Prophetic words of my mother seemed destined to be fulfilled.  In everything that I have ever done there is a reckless spirit that comes over me that has to be nourished and fed, whether I am working for the church or volunteering, whether I am a parent of a lover, every relationship has been doomed to go down in a tail spin crashing onto the rocky shore like sand. Everyone always says, “Learn from your mistakes.”  If any of those people were in the skin I am in, they would not recognize what had happened. I did not even know what my sexual identity was most of my life.  I did not understand male and female roles and I did not earn anything for most of the time I was alive.  No one trusted me.  Even my best friend said, “I’d never hire me to work for him because in two weeks I’d be telling how to run the business.”  These experiences were a steady diet and if that was not enough when I slept I was filled with terror and could not awaken except with a feeling of dread.  I never used an alarm clock because there was no point. I would simply awaken because I could not have deep sleep rhythms no matter how exhausted because I couldn’t escape.  Who wants to b with a person who cannot take a break?  A child, grandchild, friend or foe alike all have kept their distance. 


 What does this say about the quality of life of all of the people who are special and who do not fit into our cookie cutter world?  What does this mean when we do not find a means to create a safe haven for everyone no matter what their outlook and means of expression?  What is our primary duty and purpose in education?  How are we failing the children when we do not have diversity that success is not measured in one ways but in infinite ways that everyone develops according to their spirit in their way?

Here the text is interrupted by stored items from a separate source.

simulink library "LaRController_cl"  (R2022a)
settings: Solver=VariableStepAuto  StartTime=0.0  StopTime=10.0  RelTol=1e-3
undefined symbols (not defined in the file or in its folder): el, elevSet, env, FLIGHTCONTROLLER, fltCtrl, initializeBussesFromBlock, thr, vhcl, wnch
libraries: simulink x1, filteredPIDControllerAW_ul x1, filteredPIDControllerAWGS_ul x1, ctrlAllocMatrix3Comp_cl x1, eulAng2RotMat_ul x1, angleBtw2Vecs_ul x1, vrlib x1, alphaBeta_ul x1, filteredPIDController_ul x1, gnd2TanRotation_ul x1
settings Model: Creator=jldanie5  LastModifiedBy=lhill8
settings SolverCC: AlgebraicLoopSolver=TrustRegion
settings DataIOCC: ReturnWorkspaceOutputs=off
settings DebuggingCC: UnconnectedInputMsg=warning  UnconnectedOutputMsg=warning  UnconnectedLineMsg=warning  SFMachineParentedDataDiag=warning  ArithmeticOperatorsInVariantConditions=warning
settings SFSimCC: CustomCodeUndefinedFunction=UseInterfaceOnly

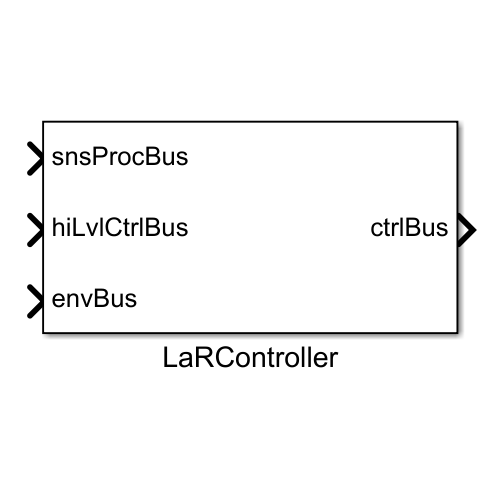
[thumbnail: Simulink's stored preview of the top-level diagram]
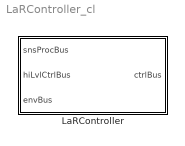
== system LaRController_cl ==
  LaRController : Subsystem  LoadFcn=initializeBussesFromBlock(gcb)  InitFcn=initializeBussesFromBlock(gcb)  StartFcn=initializeBussesFromBlock(gcb)  VariantControl=strcmpi(FLIGHTCONTROLLER,'LaRController')  mask{initPosForInitSStar=vhcl.initPosVecGnd.Value, fluidDensity=env.water.density.Value, LaRCtrl=fltCtrl, aeroStruct=vhcl.struct('OCT.aeroSurf'), LaRThr=thr.tether1, LaRWnch=wnch.winch1}
      mask prompts: initPosForInitSStar "Initial Position"; fluidDensity "Fluid Density"; LaRCtrl "Controller"; aeroStruct "Aerodynamic Structure"; LaRThr "Tether"; LaRWnch "Winch"
      settings: MinAlgLoopOccurrences=on
      mask DialogControl Container3 Prompt: courseFollow Params
      mask DialogControl Container4 Prompt: setpointToOutput Params

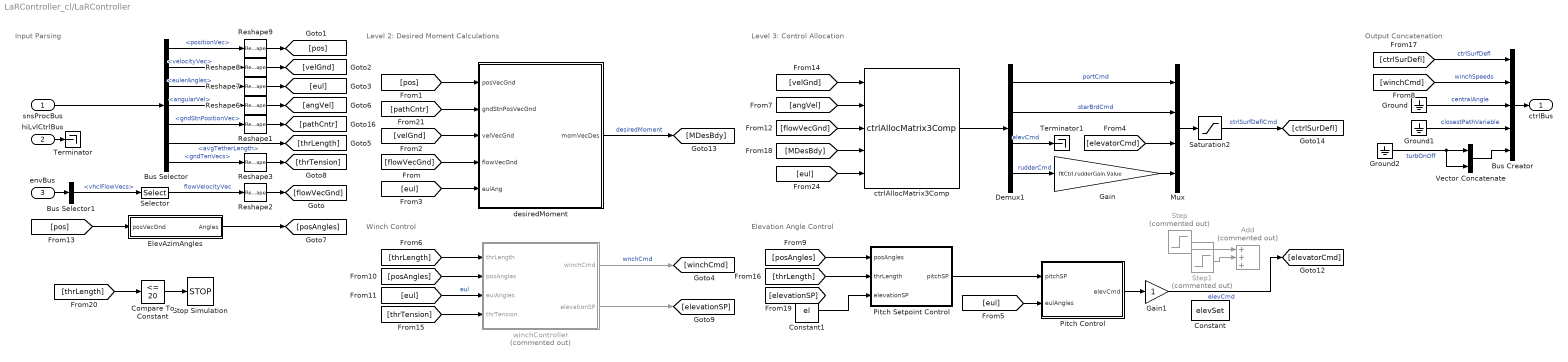
== system LaRController_cl/LaRController ==
  note: Winch Control
  note: Level 3: Control Allocation
  note: Output Concatenation
  note: Level 2: Desired Moment Calculations
  note: Input Parsing
  note: Elevation Angle Control
  snsProcBus : Inport  OutDataTypeStr=Bus: sensorsProcessingBus
  hiLvlCtrlBus : Inport  Port=2  OutDataTypeStr=Bus: hiLvlCtrlBus
  envBus : Inport  Port=3  OutDataTypeStr=Bus: envBus
  Add : Sum  Commented=on  Inputs=+++
  Bus Creator : BusCreator  Inputs=5  OutDataTypeStr=Bus: fltCtrlBus
      settings: InheritFromInputs=off
  Bus Selector : BusSelector  OutputSignals=positionVec,velocityVec,eulerAngles,angularVel,gndStnPositionVec,avgTetherLength,gndTenVecs
  Bus Selector1 : BusSelector  OutputSignals=vhclFlowVecs
  Compare To Constant : simulink/Logic and Bit Operations/Compare To Constant  relop=<=  const=20  OutDataTypeStr=boolean
  Constant : Constant  Value=elevSet
  Constant1 : Constant  Value=el
  Demux1 : Demux
  ElevAzimAngles : Subsystem
  Gain : Gain  Gain=fltCtrl.rudderGain.Value
  Gain1 : Gain
  Ground : Ground
  Ground1 : Ground
  Ground2 : Ground
  Mux : Mux
  Pitch Control : Subsystem
  Pitch Setpoint Control : Subsystem
  Reshape{1..3,6..9} (7 alike) : Reshape  OutputDimensionality=Column vector (2-D)
  Saturation2 : Saturate  UpperLimit=LaRCtrl.controlSigMax.upperLimit.Value  LowerLimit=LaRCtrl.controlSigMax.lowerLimit.Value
  Selector : Selector  NumberOfDimensions=2  InputPortWidth=3  IndexOptions=Select all,Index vector (dialog)  Indices=[1 3],5  OutputSizes=1,1
  Step : Step  Commented=on  Time=200  After=0  SampleTime=0
  Step1 : Step  Commented=on  Time=210  After=0  SampleTime=0
  Stop Simulation : Stop
  Terminator : Terminator
  Terminator1 : Terminator
  Vector Concatenate : Concatenate
  ctrlAllocMatrix3Comp : ctrlAllocMatrix3Comp_cl/ctrlAllocMatrix3Comp  aeroStruct=vhcl.struct('OCT.aeroSurf')  fluidDensity=fluidDensity  arms=vhcl.struct('OCT.thrAttch')
  desiredMoment : Subsystem
  winchController : Subsystem  Commented=on  mask{thrC=LaRThr, ctrlC=LaRCtrl}
      mask prompts: thrC "Tether:"; ctrlC "Controller:"
  ctrlBus : Outport  OutDataTypeStr=Bus: fltCtrlBus  VectorParamsAs1DForOutWhenUnconnected=off
  wires:
  snsProcBus/1 -> Bus Selector/1
  Bus Selector/2 -> Reshape8/1  "<velocityVec>"
  Bus Selector/1 -> Reshape9/1  "<positionVec>"
  Bus Selector/3 -> Reshape7/1  "<eulerAngles>"
  Bus Creator/1 -> ctrlBus/1
  [winchCmd] -> Bus Creator/2  "winchSpeeds"
  Ground/1 -> Bus Creator/3  "centralAngle"
  Ground1/1 -> Bus Creator/4  "closestPathVariable"
  desiredMoment/1(momVecDes) -> [MDesBdy]  "desiredMoment"
  Bus Selector/4 -> Reshape6/1  "<angularVel>"
  [angVel] -> ctrlAllocMatrix3Comp/2
  [velGnd] -> ctrlAllocMatrix3Comp/1
  [flowVecGnd] -> ctrlAllocMatrix3Comp/3
  Demux1/1 -> Mux/1  "portCmd"
  Demux1/2 -> Mux/2  "starBrdCmd"
  ctrlAllocMatrix3Comp/1 -> Demux1/1
  [MDesBdy] -> ctrlAllocMatrix3Comp/4
  [ctrlSurDefl] -> Bus Creator/1  "ctrlSurfDefl"
  Saturation2/1 -> [ctrlSurDefl]  "ctrlSurfDeflCmd"
  Reshape2/1 -> [flowVecGnd]
  Reshape6/1 -> [angVel]
  Reshape7/1 -> [eul]
  Reshape8/1 -> [velGnd]
  Reshape9/1 -> [pos]
  [eul] -> ctrlAllocMatrix3Comp/5
  Selector/1 -> Reshape2/1  "flowVelocityVec"
  envBus/1 -> Bus Selector1/1
  Bus Selector1/1 -> Selector/1  "<vhclFlowVecs>"
  Reshape1/1 -> [pathCntr]
  Bus Selector/5 -> Reshape1/1  "<gndStnPositionVec>"
  [pos] -> desiredMoment/1(posVecGnd)
  [pathCntr] -> desiredMoment/2(gndStnPosVecGnd)
  [velGnd] -> desiredMoment/3(velVecGnd)
  [eul] -> desiredMoment/5(eulAng)
  [flowVecGnd] -> desiredMoment/4(flowVecGnd)
  Gain/1 -> Mux/4
  Demux1/4 -> Gain/1  "rudderCmd"
  hiLvlCtrlBus/1 -> Terminator/1
  Mux/1 -> Saturation2/1
  Demux1/3 -> Terminator1/1  "elevCmd"
  [elevatorCmd] -> Mux/3
  Bus Selector/6 -> [thrLength]  "<avgTetherLength>"
  [thrLength] -> winchController/1(thrLength)
  winchController/1(winchCmd) -> [winchCmd]  "wnchCmd"
  [eul] -> Pitch Control/2(eulAngles)
  Pitch Control/1(elevCmd) -> Gain1/1
  [posAngles] -> Pitch Setpoint Control/1(posAngles)
  Pitch Setpoint Control/1(pitchSP) -> Pitch Control/1(pitchSP)
  Gain1/1 -> [elevatorCmd]  "elevCmd"
  [posAngles] -> winchController/2(posAngles)
  [eul] -> winchController/3(eulAngles)  "eul"
  Ground2/1 -> Vector Concatenate/2, Vector Concatenate/1  "turbOnOff"
  [pos] -> ElevAzimAngles/1(posVecGnd)
  ElevAzimAngles/1(Angles) -> [posAngles]
  Bus Selector/7 -> Reshape3/1  "<gndTenVecs>"
  [thrTension] -> winchController/4(thrTension)
  Reshape3/1 -> [thrTension]
  [thrLength] -> Pitch Setpoint Control/2(thrLength)
  winchController/2(elevationSP) -> [elevationSP]
  [thrLength] -> Compare To Constant/1
  Compare To Constant/1 -> Stop Simulation/1
  Step/1 -> Add/1
  Step1/1 -> Add/2
  Vector Concatenate/1 -> Bus Creator/5
  Constant1/1 -> Pitch Setpoint Control/3(elevationSP)

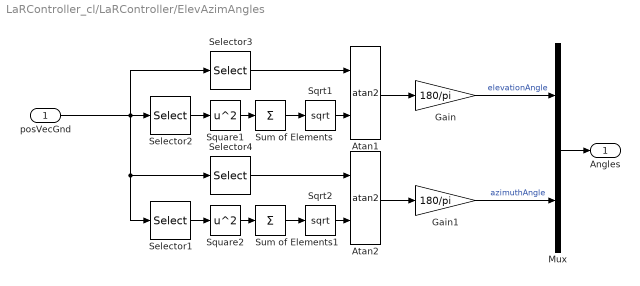
== system LaRController_cl/LaRController/ElevAzimAngles ==
  posVecGnd : Inport
  Atan1 : Trigonometry  Operator=atan2
  Atan2 : Trigonometry  Operator=atan2
  Gain : Gain  Gain=180/pi
  Gain1 : Gain  Gain=180/pi
  Mux : Mux  Inputs=2
  Selector1 : Selector  InputPortWidth=3  IndexOptions=Index vector (dialog)  Indices=1  OutputSizes=1
  Selector2 : Selector  InputPortWidth=3  IndexOptions=Index vector (dialog)  Indices=[1 2]  OutputSizes=1
  Selector3 : Selector  InputPortWidth=3  IndexOptions=Index vector (dialog)  Indices=3  OutputSizes=1
  Selector4 : Selector  InputPortWidth=3  IndexOptions=Index vector (dialog)  Indices=2  OutputSizes=1
  Sqrt1 : Sqrt
  Sqrt2 : Sqrt
  Square1 : Math  Operator=square  SignedPower=on
  Square2 : Math  Operator=square  SignedPower=on
  Sum of Elements : Sum  Inputs=+
  Sum of Elements1 : Sum  Inputs=+
  Angles : Outport
  wires:
  Sqrt1/1 -> Atan1/2
  Square1/1 -> Sum of Elements/1
  Selector3/1 -> Atan1/1
  Sum of Elements/1 -> Sqrt1/1
  Atan1/1 -> Gain/1
  Selector2/1 -> Square1/1
  Selector4/1 -> Atan2/1
  Selector1/1 -> Square2/1
  Sum of Elements1/1 -> Sqrt2/1
  posVecGnd/1 -> Selector3/1, Selector4/1, Selector1/1, Selector2/1
  Atan2/1 -> Gain1/1
  Sqrt2/1 -> Atan2/2
  Square2/1 -> Sum of Elements1/1
  Gain/1 -> Mux/1  "elevationAngle"
  Gain1/1 -> Mux/2  "azimuthAngle"
  Mux/1 -> Angles/1

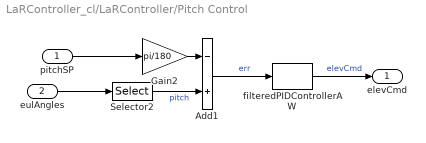
== system LaRController_cl/LaRController/Pitch Control ==
  pitchSP : Inport
  eulAngles : Inport  Port=2
  Add1 : Sum  Inputs=-+
  Gain2 : Gain  Gain=pi/180
  Selector2 : Selector  InputPortWidth=3  IndexOptions=Index vector (dialog)  Indices=2  OutputSizes=1
  filteredPIDControllerAW : filteredPIDControllerAW_ul/filteredPIDControllerAW  kp=LaRCtrl.elevCmd.kp.Value  ki=LaRCtrl.elevCmd.ki.Value  kd=LaRCtrl.elevCmd.kd.Value  tau=LaRCtrl.elevCmd.tau.Value  cmax=LaRCtrl.controlSigMax.upperLimit.Value  cmin=LaRCtrl.controlSigMax.lowerLimit.Value
  elevCmd : Outport
  wires:
  Selector2/1 -> Add1/2  "pitch"
  filteredPIDControllerAW/1 -> elevCmd/1  "elevCmd"
  pitchSP/1 -> Gain2/1
  eulAngles/1 -> Selector2/1
  Gain2/1 -> Add1/1
  Add1/1 -> filteredPIDControllerAW/1  "err"

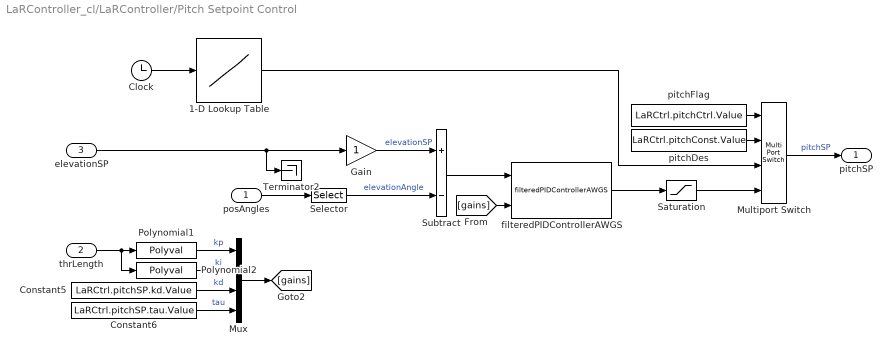
== system LaRController_cl/LaRController/Pitch Setpoint Control ==
  posAngles : Inport
  thrLength : Inport  Port=2
  elevationSP : Inport  Port=3
  1-D Lookup Table : Lookup_n-D  NumberOfTableDimensions=1  BreakpointsForDimension1=LaRCtrl.pitchTime.Value  Table=LaRCtrl.pitchLookup.Value  InterpMethod=Flat  InternalRulePriority=Speed  RndMeth=Simplest
  Clock : Clock
  Constant5 : Constant  Value=LaRCtrl.pitchSP.kd.Value
  Constant6 : Constant  Value=LaRCtrl.pitchSP.tau.Value
  Gain : Gain
  Multiport Switch : MultiPortSwitch  DataPortOrder=Specify indices  Inputs=2  DataPortIndices={0,1,2}  SaturateOnIntegerOverflow=off  InputSameDT=off
  Mux : Mux
  Polynomial1 : Polyval  Coefs=[LaRCtrl.pitchSPkpSlope.Value LaRCtrl.pitchSPkpInt.Value]
  Polynomial2 : Polyval  Coefs=[LaRCtrl.pitchSPkiSlope.Value LaRCtrl.pitchSPkiInt.Value]
  Saturation : Saturate  UpperLimit=LaRCtrl.pitchAngleMax.upperLimit.Value  LowerLimit=LaRCtrl.pitchAngleMax.lowerLimit.Value
  Selector : Selector  InputPortWidth=2  IndexOptions=Index vector (dialog)  Indices=1  OutputSizes=1
  Subtract : Sum  Inputs=+-
  Terminator2 : Terminator
  filteredPIDControllerAWGS : filteredPIDControllerAWGS_ul/filteredPIDControllerAWGS  cmax=LaRCtrl.pitchAngleMax.upperLimit.Value  cmin=LaRCtrl.pitchAngleMax.lowerLimit.Value
  pitchDes : Constant  Value=LaRCtrl.pitchConst.Value
  pitchFlag : Constant  Value=LaRCtrl.pitchCtrl.Value
  pitchSP : Outport
  wires:
  pitchFlag/1 -> Multiport Switch/1
  Multiport Switch/1 -> pitchSP/1  "pitchSP"
  pitchDes/1 -> Multiport Switch/2
  posAngles/1 -> Selector/1
  Clock/1 -> 1-D Lookup Table/1
  Selector/1 -> Subtract/2  "elevationAngle"
  Gain/1 -> Subtract/1  "elevationSP"
  1-D Lookup Table/1 -> Multiport Switch/3
  elevationSP/1 -> Gain/1, Terminator2/1
  Subtract/1 -> filteredPIDControllerAWGS/1
  Polynomial1/1 -> Mux/1  "kp"
  Polynomial2/1 -> Mux/2  "ki"
  Constant5/1 -> Mux/3  "kd"
  Constant6/1 -> Mux/4  "tau"
  [gains] -> filteredPIDControllerAWGS/2
  Mux/1 -> [gains]
  thrLength/1 -> Polynomial2/1, Polynomial1/1
  filteredPIDControllerAWGS/1 -> Saturation/1
  Saturation/1 -> Multiport Switch/4

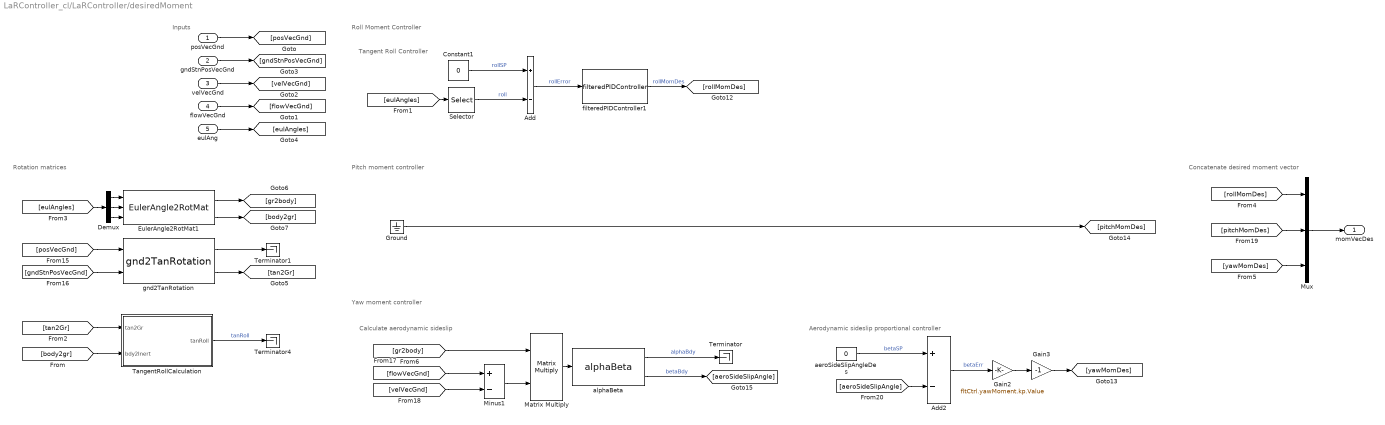
== system LaRController_cl/LaRController/desiredMoment ==
  note: Inputs
  note: Rotation matrices
  note: Tangent Roll Controller
  note: Concatenate desired moment vector
  note: Aerodynamic sideslip proportional controller
  note: Calculate aerodynamic sideslip
  note: Yaw moment controller
  note: Pitch moment controller
  note: Roll Moment Controller
  posVecGnd : Inport
  gndStnPosVecGnd : Inport  Port=2
  velVecGnd : Inport  Port=3
  flowVecGnd : Inport  Port=4
  eulAng : Inport  Port=5
  Add : Sum  Inputs=+-
  Add2 : Sum  Inputs=+-
  Constant1 : Constant  Value=0
  Demux : Demux  Outputs=3
  EulerAngle2RotMat1 : eulAng2RotMat_ul/EulerAngle2RotMat  SystemSampleTime=-1  VariantActivationTime=update diagram  Latency=0  AutoFrameSizeCalculation=off
  Gain2 : Gain  Gain=fltCtrl.yawMoment.kp.Value
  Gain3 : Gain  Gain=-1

Everyone needs to have a purpose. Everyone needs to have a sense that their destiny emerges in the resources and design of the community at large. We all have to weigh in on protecting the enormous talents and abilities of these precious resources especially when we do not understand their spirits.


This is the first of a twelve part series on “What Ails You?”


There are many people who regard me as being bi-polar but I am not convinced.  I consider myself to be tri-polar.  My affliction has never beeen able to be treated with medicine.  The only salient and sensible presciption is for loving kindness and compassion.  This has been one of the most fleeting of all remedies. Most of my relationships have vanished like dew on the salt flats.  Most of the children in my life have no time or patience for my antics.  Nothing seems to change the inevitable that I am blowing up like the “Idiot,”  by Dostoyevsky.  I simply fall apart.  My motehr always thought that the comic playwright, Moliere best descibed my nature in, Le Misantrope.”  What I hope some day is that there is a a place that I can rest in peice and that no one will mind my passing.